# How to simplify a complex expression involving trig functions?

Specifically (it wouldn't fit into the question title), I'm trying to figure out how to turn

$$\frac{-2v^2}{a^2} \cdot \sin({\arctan({\frac{vt}{a}}})) \cdot \cos^3(\arctan(\frac{vt}{a}))$$ into $$\frac{-2v^3 \cdot a \cdot t}{(a^2+v^2t^2)^2}$$

Where $v$ and $a$ are constants and $t$ is the independent variable.

Wolfram Alpha tells me the two expression are indeed equivalent, but I can't seem to turn the first one into the second one algebraically.

My thinking was, $\arctan({\frac{vt}{a}})$ gives me the angle $x$ such that $\tan(x) = \frac{\sin(x)}{\cos(x)} = \frac{vt}{a}$, so shouldn't $\sin(x) = vt$ and $\cos(x)=\frac{1}{a}$?

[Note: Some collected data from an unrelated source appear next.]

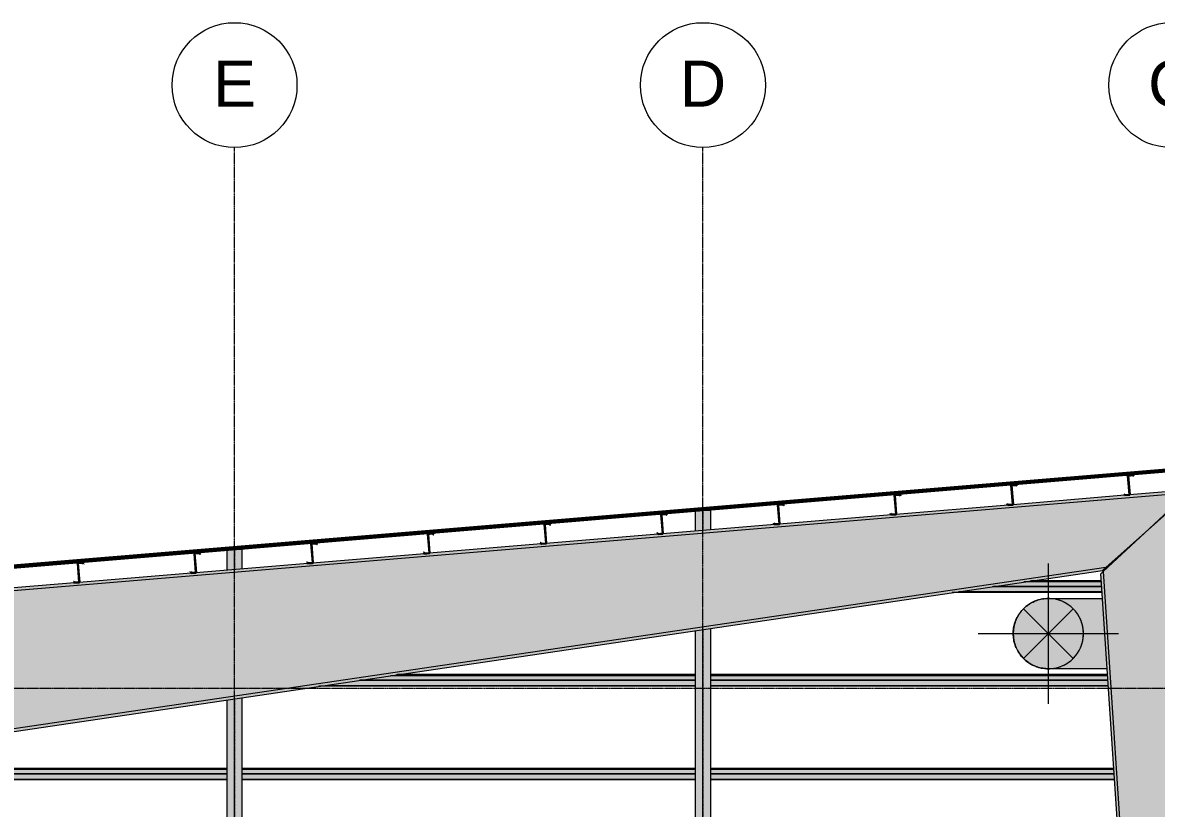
# Model space of a CAD drawing. Header units: inches. Extents: x -26493 to -15674, y -132 to 673.
# Drawn here: x -17018 to -16437, y 271 to 673 of the extents above; entities that cross this region are included whole.
import ezdxf

# ---------------------------------------------------------------- set-up
doc = ezdxf.new("R2010")
doc.units = ezdxf.units.IN
doc.header["$MEASUREMENT"] = 0
doc.linetypes.add('Grid Line 1_2_', pattern=[0.875, 0.5, -0.125, 0.125, -0.125])
doc.linetypes.add('Hidden 1_8_', pattern=[0.1875, 0.125, -0.0625])
for name, color, linetype, lineweight in [('A-FLOR-LEVL', 51, 'Continuous', 9), ('A-ROOF', 132, 'Continuous', 13), ('M-HVAC-DUCT', 70, 'Continuous', 9), ('M-HVAC-DUCT-ANNO', 70, 'Continuous', 9), ('M-HVAC-DUCT-CNTR', 70, 'Continuous', 9), ('S-BEAM', 12, 'Continuous', 9), ('S-COLS', 52, 'Continuous', 9), ('S-GRID', 1, 'Continuous', 9), ('S-GRID-IDEN', 1, 'Continuous', 9)]:
    doc.layers.add(name, color=color, linetype=linetype, lineweight=lineweight)
doc.styles.add('Arial_1', font='arial.ttf', dxfattribs={"height": 23.60479})
pattern_1 = [(45, (-21585.694, 102), (-12.67135, 12.67135), []), (45, (-21585.694, 121.2), (-12.67135, 12.67135), [])]

# ---------------------------------------------------------------- blocks, each defined once
blk = doc.blocks.new('Girt_Z - 10_D-559340-Section 1')
at = {"layer": 'S-BEAM'}
h = blk.add_hatch(dxfattribs=at)
h.set_pattern_fill('FP_5', color=256, style=0, pattern_type=2)
h.set_pattern_definition(pattern_1)
h.paths.add_polyline_path([(-21173.88, 430.85), (-21171.4, 431.11), (-21171.53, 431.15), (-21173.84, 430.96), (-21174.33, 431.46), (-21174.41, 431.38)], flags=0)
h.paths.add_polyline_path([(-21171.4, 431.11), (-21171.35, 431.25), (-21171.48, 431.18)], flags=0)
h.paths.add_polyline_path([(-21172.22, 440.97), (-21172.08, 440.92), (-21169.77, 441.11), (-21169.28, 440.62), (-21169.2, 440.7), (-21169.73, 441.23), (-21172.09, 441.03)], flags=0)
h.paths.add_polyline_path([(-21172.26, 440.83), (-21172.14, 440.89), (-21172.22, 440.97)], flags=0)
h.paths.add_polyline_path([(-21171.46, 431.24), (-21171.35, 431.25), (-21172.15, 440.84), (-21172.26, 440.83)], flags=0)
at = {"layer": 'S-BEAM', "lineweight": 30}
for p, q in [((-21172.26, 440.83), (-21171.46, 431.24)), ((-21171.35, 431.25), (-21172.15, 440.84)), ((-21169.73, 441.23), (-21172.09, 441.03)), ((-21172.08, 440.92), (-21169.77, 441.11)), ((-21169.77, 441.11), (-21169.28, 440.62)), ((-21169.2, 440.7), (-21169.73, 441.23)), ((-21169.28, 440.62), (-21169.2, 440.7)), ((-21174.33, 431.46), (-21174.41, 431.38)), ((-21174.41, 431.38), (-21173.88, 430.85)), ((-21173.84, 430.96), (-21174.33, 431.46)), ((-21173.88, 430.85), (-21171.52, 431.04)), ((-21171.53, 431.15), (-21173.84, 430.96))]:
    blk.add_line(p, q, dxfattribs=at)
for centre, radius, start, end in [((-21172.07, 440.84), 0.188, 94.76364, 184.76364), ((-21172.07, 440.84), 0.0782, 96.88636, 184.76364), ((-21171.54, 431.23), 0.0782, 277.806, 4.76364), ((-21171.54, 431.23), 0.188, 274.76364, 4.76364)]:
    blk.add_arc(centre, radius, start, end, dxfattribs=at)
blk = doc.blocks.new('Girt_Z - 10_D-V67-Section 1')
at = {"layer": 'S-BEAM'}
h = blk.add_hatch(dxfattribs=at)
h.set_pattern_fill('FP_5', color=256, style=0, pattern_type=2)
h.set_pattern_definition(pattern_1)
h.paths.add_polyline_path([(-21233.68, 425.86), (-21231.19, 426.13), (-21231.32, 426.17), (-21233.63, 425.98), (-21234.13, 426.47), (-21234.2, 426.4)], flags=0)
h.paths.add_polyline_path([(-21231.19, 426.13), (-21231.15, 426.26), (-21231.27, 426.2)], flags=0)
h.paths.add_polyline_path([(-21232.01, 435.98), (-21231.88, 435.94), (-21229.57, 436.13), (-21229.07, 435.64), (-21229, 435.71), (-21229.52, 436.25), (-21231.88, 436.05)], flags=0)
h.paths.add_polyline_path([(-21232.05, 435.85), (-21231.93, 435.91), (-21232.01, 435.98)], flags=0)
h.paths.add_polyline_path([(-21231.25, 426.25), (-21231.15, 426.26), (-21231.95, 435.86), (-21232.05, 435.85)], flags=0)
at = {"layer": 'S-BEAM', "lineweight": 30}
for p, q in [((-21232.05, 435.85), (-21231.25, 426.25)), ((-21231.15, 426.26), (-21231.95, 435.86)), ((-21229.52, 436.25), (-21231.88, 436.05)), ((-21231.88, 435.94), (-21229.57, 436.13)), ((-21229.57, 436.13), (-21229.07, 435.64)), ((-21229, 435.71), (-21229.52, 436.25)), ((-21229.07, 435.64), (-21229, 435.71)), ((-21234.13, 426.47), (-21234.2, 426.4)), ((-21234.2, 426.4), (-21233.68, 425.86)), ((-21233.63, 425.98), (-21234.13, 426.47)), ((-21233.68, 425.86), (-21231.32, 426.06)), ((-21231.32, 426.17), (-21233.63, 425.98))]:
    blk.add_line(p, q, dxfattribs=at)
for centre, radius, start, end in [((-21231.87, 435.86), 0.187, 94.76364, 184.76364), ((-21231.87, 435.86), 0.0782, 96.88636, 184.76364), ((-21231.33, 426.25), 0.187, 274.76364, 4.76364), ((-21231.33, 426.25), 0.0782, 277.806, 4.76364)]:
    blk.add_arc(centre, radius, start, end, dxfattribs=at)
blk = doc.blocks.new('Girt_Z - 10_D-V68-Section 1')
at = {"layer": 'S-BEAM'}
h = blk.add_hatch(dxfattribs=at)
h.set_pattern_fill('FP_5', color=256, style=0, pattern_type=2)
h.set_pattern_definition(pattern_1)
h.paths.add_polyline_path([(-21293.47, 420.88), (-21290.98, 421.14), (-21291.11, 421.19), (-21293.43, 421), (-21293.92, 421.49), (-21294, 421.41)], flags=0)
h.paths.add_polyline_path([(-21290.98, 421.14), (-21290.94, 421.28), (-21291.06, 421.22)], flags=0)
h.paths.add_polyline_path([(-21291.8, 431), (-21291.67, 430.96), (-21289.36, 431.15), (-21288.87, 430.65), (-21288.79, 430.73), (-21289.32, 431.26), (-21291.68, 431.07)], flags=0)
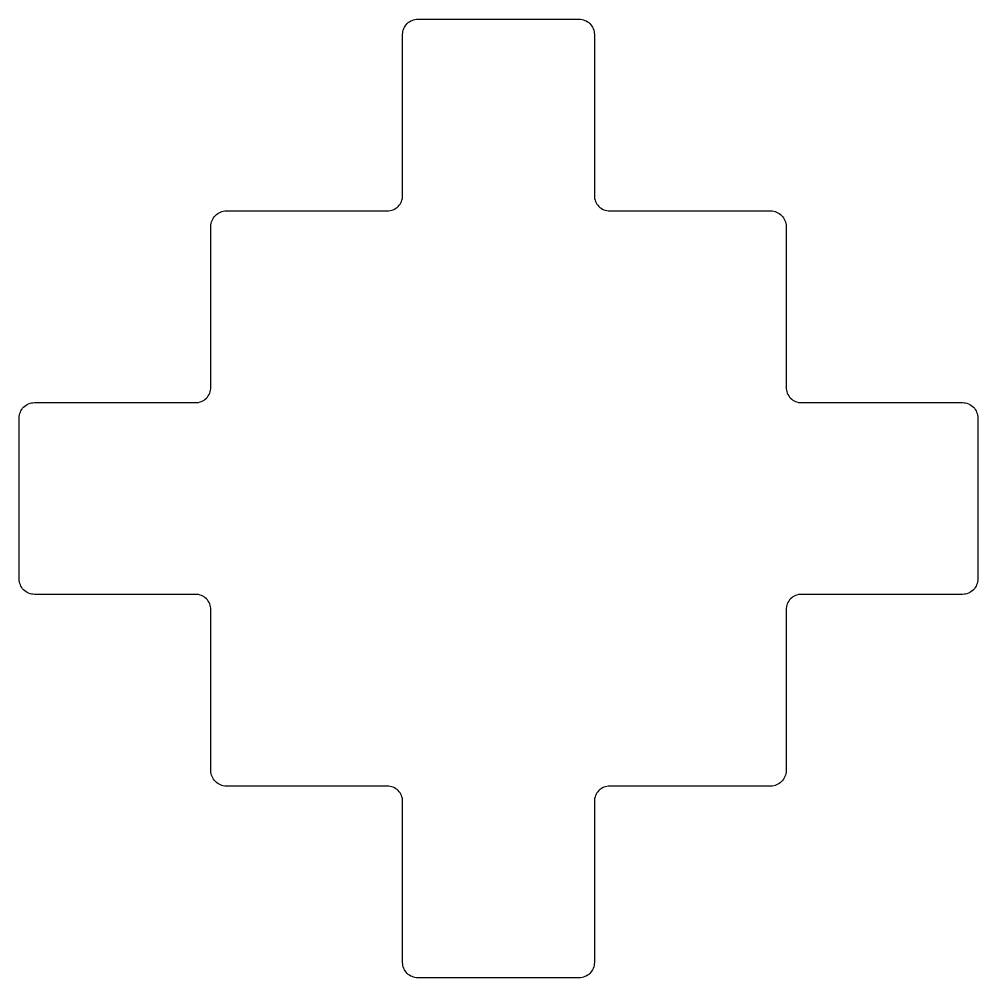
# Model space of a CAD drawing. Header units: millimetres. Extents: x -200 to 50, y -200 to 50.
import ezdxf

# ---------------------------------------------------------------- set-up
doc = ezdxf.new("R2010")
doc.units = ezdxf.units.MM
doc.layers.get('0').update_dxf_attribs({"linetype": 'CONTINUOUS'})

msp = doc.modelspace()

# ---------------------------------------------------------------- linework, layer by layer
msp.add_lwpolyline([(-54, -200), (-96, -200, -0.414214), (-100, -196), (-100, -154, 0.414214), (-104, -150), (-146, -150, -0.414214), (-150, -146), (-150, -104, 0.414214), (-154, -100), (-196, -100, -0.414214), (-200, -96), (-200, -54, -0.414214), (-196, -50), (-154, -50, 0.414214), (-150, -46), (-150, -4, -0.414214), (-146, 0), (-104, 0, 0.414214), (-100, 4), (-100, 46, -0.414214), (-96, 50), (-54, 50, -0.414214), (-50, 46), (-50, 4, 0.414214), (-46, 0), (-4, 0, -0.414214), (0, -4), (0, -46, 0.414214), (4, -50), (46, -50, -0.414214), (50, -54), (50, -96, -0.414214), (46, -100), (4, -100, 0.414214), (0, -104), (0, -146, -0.414214), (-4, -150), (-46, -150, 0.414214), (-50, -154), (-50, -196, -0.414214)], format="xyb", close=True)

doc.saveas('drawing.dxf')

But that doesn't give me the right result, and I can see a flaw in that thinking because $\frac{\sin(x)}{\cos(x)} = \frac{vt}{a}$ just gives use the ratio of $\sin(x)$ to $\cos(x)$, and we can't deduce from that the actual values of $\sin(x)$ and $\cos(x)$.

But so, how do you turn the first expression into the second one? If WA can tell me they are equivalent, I assume there's a way to show it.

For any $y$, $$\sin^2(y)+\cos^2(y)=1$$ In particular this is true for $y=\arctan{x}$. So $$\sin^2(\arctan(x))+\cos^2(\arctan(x))=1$$ dividing by $\cos^2$ we get $$\tan^2(\arctan(x))+1=\sec^2(\arctan(x))$$ But this means $$x^2+1=\sec^2(\arctan(x))$$ See if you can use this.
• For the final touch on my hint, note that $\sin(x)\cos^3(x)=\tan(x)\cos^4(x)$. Commented Nov 24, 2015 at 0:29
• This does not seem to answer the question. If you kept going, however, you would note that $$\sqrt{x^2+1}=sec(arctan(x))=\frac 1 {cos(arctan(x))}$$, which is more useful. Also, dividing by $$sin^2$$ instead of $$cos^2$$ will give you the other trig identity needed to solve this equation. Commented Nov 24, 2015 at 0:31
Note that $sin(arctan(x))=\frac{x}{\sqrt{1+x^2}}$ and $cos(arctan(x))=\frac{1}{\sqrt{1+x^2}}$. This can be proven with $\frac 1 {cos(A)}=sec(A)=\sqrt{1+[tan(A)]^2}$ and $A=tan(x)$. You get the formulas from your trig identities, which, in this case, is derived from the Pythagorean theorem.
$sin(arctan(x))$ can be found similarly.